Dask: Scale your scikit.learn pipelines

Dask is a flexible library for parallel computing in Python. The purpose of this guide is not to describe how dask works. For that, go to its documentation. Moreover, there are plenty of tutorials online. For instance, this official one; a nice overview was presented in AnacondaCon 2018 and there’s even one crafted for Idiap.

The purpose of this guide is to describe:

  1. The integration of dask with scikit learn pipelines and samples

  2. The specificities of Dask under the Idiap SGE

From Scikit Learn pipelines to Dask Task Graphs

The purpose of scikit learn pipelines is to assemble several scikit estimators in one final one. Then, it is possible to use the methods fit and transform to create models and transform your data respectivelly.

Any pipeline can be transformed in a Dask Graph to be further executed by any Dask Client. This is carried out via the wrap function when used like wrap(["dask"], estimator) (see Convenience wrapper function). Such function does two things:

  1. Edit the current sklearn.pipeline.Pipeline by adding a new first step, where input samples are transformed in Dask Bag. This allows the usage of dask.bag.map for further transformations.
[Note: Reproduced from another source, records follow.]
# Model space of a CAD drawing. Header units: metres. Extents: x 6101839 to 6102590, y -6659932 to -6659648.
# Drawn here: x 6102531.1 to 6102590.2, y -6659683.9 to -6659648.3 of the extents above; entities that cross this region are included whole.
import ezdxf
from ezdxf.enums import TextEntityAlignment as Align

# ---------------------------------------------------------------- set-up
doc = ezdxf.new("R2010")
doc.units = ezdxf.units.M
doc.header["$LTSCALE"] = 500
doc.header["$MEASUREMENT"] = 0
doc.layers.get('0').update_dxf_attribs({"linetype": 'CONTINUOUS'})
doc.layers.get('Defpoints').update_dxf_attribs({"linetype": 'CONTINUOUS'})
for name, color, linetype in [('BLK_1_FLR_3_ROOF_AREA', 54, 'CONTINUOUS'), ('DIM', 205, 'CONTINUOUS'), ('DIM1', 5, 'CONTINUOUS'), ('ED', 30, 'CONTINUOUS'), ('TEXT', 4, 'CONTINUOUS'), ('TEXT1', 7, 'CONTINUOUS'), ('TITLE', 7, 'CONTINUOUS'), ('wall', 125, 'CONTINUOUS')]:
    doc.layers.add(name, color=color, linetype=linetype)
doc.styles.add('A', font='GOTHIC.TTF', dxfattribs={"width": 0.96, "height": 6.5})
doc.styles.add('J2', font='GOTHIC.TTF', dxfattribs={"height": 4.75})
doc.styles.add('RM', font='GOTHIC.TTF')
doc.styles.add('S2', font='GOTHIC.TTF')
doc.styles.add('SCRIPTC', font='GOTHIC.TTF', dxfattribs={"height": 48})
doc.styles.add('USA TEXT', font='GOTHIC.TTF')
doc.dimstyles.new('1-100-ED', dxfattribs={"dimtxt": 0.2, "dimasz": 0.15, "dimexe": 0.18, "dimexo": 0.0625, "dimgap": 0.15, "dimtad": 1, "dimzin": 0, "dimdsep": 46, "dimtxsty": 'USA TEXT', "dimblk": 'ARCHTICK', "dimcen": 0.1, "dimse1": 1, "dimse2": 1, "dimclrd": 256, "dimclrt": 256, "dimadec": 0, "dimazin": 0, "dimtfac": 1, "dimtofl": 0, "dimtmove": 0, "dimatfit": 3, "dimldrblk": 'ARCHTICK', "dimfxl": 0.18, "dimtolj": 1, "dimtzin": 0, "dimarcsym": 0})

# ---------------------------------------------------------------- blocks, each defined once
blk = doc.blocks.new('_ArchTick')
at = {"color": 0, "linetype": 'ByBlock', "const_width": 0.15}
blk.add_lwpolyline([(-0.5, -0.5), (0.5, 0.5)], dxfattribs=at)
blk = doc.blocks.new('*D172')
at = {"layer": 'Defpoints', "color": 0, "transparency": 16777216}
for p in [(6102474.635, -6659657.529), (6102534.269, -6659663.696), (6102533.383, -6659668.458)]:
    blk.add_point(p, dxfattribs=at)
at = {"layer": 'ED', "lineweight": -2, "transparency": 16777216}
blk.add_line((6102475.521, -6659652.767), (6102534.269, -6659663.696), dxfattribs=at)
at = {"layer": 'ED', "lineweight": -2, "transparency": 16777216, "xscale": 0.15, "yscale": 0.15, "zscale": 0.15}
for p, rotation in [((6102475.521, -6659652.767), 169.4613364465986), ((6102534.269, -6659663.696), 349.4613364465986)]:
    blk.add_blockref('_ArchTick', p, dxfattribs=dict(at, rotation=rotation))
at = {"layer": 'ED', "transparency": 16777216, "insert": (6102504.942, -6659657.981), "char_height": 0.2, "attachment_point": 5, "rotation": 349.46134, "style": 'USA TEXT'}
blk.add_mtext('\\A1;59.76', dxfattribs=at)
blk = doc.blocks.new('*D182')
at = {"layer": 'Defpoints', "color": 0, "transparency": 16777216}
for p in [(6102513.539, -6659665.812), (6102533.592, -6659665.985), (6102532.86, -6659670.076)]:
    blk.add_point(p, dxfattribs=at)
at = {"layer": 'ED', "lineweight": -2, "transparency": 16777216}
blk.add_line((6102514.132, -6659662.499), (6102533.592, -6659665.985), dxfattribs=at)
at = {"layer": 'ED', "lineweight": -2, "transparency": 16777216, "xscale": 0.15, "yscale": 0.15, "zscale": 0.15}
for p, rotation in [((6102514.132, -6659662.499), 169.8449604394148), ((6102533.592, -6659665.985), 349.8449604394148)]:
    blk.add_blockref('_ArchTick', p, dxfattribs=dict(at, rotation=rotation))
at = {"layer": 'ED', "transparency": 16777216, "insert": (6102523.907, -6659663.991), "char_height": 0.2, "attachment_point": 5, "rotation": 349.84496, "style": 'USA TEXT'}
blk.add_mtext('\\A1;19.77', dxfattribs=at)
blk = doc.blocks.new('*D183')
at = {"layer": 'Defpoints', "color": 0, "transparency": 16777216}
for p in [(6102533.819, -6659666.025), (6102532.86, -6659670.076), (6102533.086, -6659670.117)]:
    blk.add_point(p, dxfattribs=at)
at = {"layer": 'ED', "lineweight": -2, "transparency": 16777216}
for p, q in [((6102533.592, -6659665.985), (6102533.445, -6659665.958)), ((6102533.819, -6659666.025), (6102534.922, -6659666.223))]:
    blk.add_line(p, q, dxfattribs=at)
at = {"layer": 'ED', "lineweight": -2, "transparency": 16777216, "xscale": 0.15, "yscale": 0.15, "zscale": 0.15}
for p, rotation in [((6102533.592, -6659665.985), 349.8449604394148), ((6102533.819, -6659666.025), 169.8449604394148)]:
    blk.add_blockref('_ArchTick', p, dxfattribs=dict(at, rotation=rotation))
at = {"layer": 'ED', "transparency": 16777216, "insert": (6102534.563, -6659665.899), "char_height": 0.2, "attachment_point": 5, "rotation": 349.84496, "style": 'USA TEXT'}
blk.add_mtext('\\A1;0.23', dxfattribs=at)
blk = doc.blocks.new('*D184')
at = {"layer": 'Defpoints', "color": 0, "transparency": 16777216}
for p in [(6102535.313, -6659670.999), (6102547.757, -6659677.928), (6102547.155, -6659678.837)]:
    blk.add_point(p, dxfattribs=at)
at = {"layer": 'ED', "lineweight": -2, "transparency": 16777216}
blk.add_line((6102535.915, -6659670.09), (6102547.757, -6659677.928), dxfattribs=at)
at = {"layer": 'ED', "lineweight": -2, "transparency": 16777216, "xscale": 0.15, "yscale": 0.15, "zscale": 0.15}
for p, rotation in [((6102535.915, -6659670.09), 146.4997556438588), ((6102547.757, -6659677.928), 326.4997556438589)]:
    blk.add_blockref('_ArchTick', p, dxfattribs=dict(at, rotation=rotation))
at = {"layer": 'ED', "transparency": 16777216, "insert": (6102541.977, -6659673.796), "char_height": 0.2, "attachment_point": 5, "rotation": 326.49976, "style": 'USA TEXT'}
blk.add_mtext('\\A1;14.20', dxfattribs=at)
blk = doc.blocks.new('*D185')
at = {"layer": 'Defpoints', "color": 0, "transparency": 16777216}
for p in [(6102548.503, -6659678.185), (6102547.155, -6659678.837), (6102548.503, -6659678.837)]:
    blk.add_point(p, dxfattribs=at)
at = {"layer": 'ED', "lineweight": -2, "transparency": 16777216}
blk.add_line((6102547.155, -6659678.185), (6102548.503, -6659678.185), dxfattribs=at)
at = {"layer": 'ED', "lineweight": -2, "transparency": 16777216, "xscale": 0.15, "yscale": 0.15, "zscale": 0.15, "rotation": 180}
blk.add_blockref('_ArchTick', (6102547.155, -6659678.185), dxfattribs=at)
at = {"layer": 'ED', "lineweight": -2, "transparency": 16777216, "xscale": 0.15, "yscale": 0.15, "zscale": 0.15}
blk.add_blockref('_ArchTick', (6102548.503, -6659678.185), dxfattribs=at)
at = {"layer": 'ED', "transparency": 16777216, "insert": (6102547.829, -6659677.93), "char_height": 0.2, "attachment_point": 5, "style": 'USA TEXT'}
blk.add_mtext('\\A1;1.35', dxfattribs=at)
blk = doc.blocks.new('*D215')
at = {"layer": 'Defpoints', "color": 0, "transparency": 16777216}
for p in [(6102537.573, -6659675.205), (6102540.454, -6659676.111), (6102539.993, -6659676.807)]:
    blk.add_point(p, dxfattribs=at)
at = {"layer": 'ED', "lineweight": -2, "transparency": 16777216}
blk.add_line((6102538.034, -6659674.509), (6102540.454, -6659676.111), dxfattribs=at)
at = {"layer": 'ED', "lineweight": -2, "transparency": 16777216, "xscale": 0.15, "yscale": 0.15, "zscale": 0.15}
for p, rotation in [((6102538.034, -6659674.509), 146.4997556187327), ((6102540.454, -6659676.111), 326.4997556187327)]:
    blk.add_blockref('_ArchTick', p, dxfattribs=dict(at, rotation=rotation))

  2. Wrap all estimators in the pipeline with DaskWrapper. This wrapper is responsible for the creation of the task graph for the methods .fit and .transform.

The code snippet below enables such feature for an arbitrary pipeline.

>>> import bob.pipelines as mario
>>> from sklearn.pipeline import make_pipeline
>>> pipeline = make_pipeline(...)
>>> dask_pipeline = mario.wrap(["dask"], pipeline) # Create a dask graph
>>> dask_pipeline.fit_transform(....).compute() # Run the task graph using the default client

The code below is an example. Especially lines 59-63 where we convert such pipeline in a Dask Graph and runs it in a local computer.

 1
 2
 3
 4
 5
 6
 7
 8
 9
10
11
12
13
14
15
16
17
18
19
20
21
22
23
24
25
26
27
28
29
30
31
32
33
34
35
36
37
38
39
40
41
42
43
44
45
46
47
48
49
50
51
52
53
54
55
56
57
58
59
60
61
62
63
64
import os
import shutil

import numpy

from sklearn.base import BaseEstimator
from sklearn.base import TransformerMixin
from sklearn.pipeline import make_pipeline

import bob.pipelines

from bob.pipelines.sample import Sample


class MyTransformer(TransformerMixin, BaseEstimator):
    def transform(self, X, metadata=None):
        # Transform `X` with metadata
        return X

    def fit(self, X, y=None):
        pass

    def _more_tags(self):
        return {"stateless": True, "requires_fit": False}


class MyFitTranformer(TransformerMixin, BaseEstimator):
    def __init__(self):
        self._fit_model = None

    def transform(self, X, metadata=None):
        # Transform `X`
        return [x @ self._fit_model for x in X]

    def fit(self, X):
        self._fit_model = numpy.array([[1, 2], [3, 4]])
        return self


# Creating X
X = numpy.zeros((2, 2))
# Wrapping X with Samples
X_as_sample = [Sample(X, key=str(i), metadata=1) for i in range(10)]

# Building an arbitrary pipeline
model_path = "./dask_tmp"
os.makedirs(model_path, exist_ok=True)
pipeline = make_pipeline(MyTransformer(), MyFitTranformer())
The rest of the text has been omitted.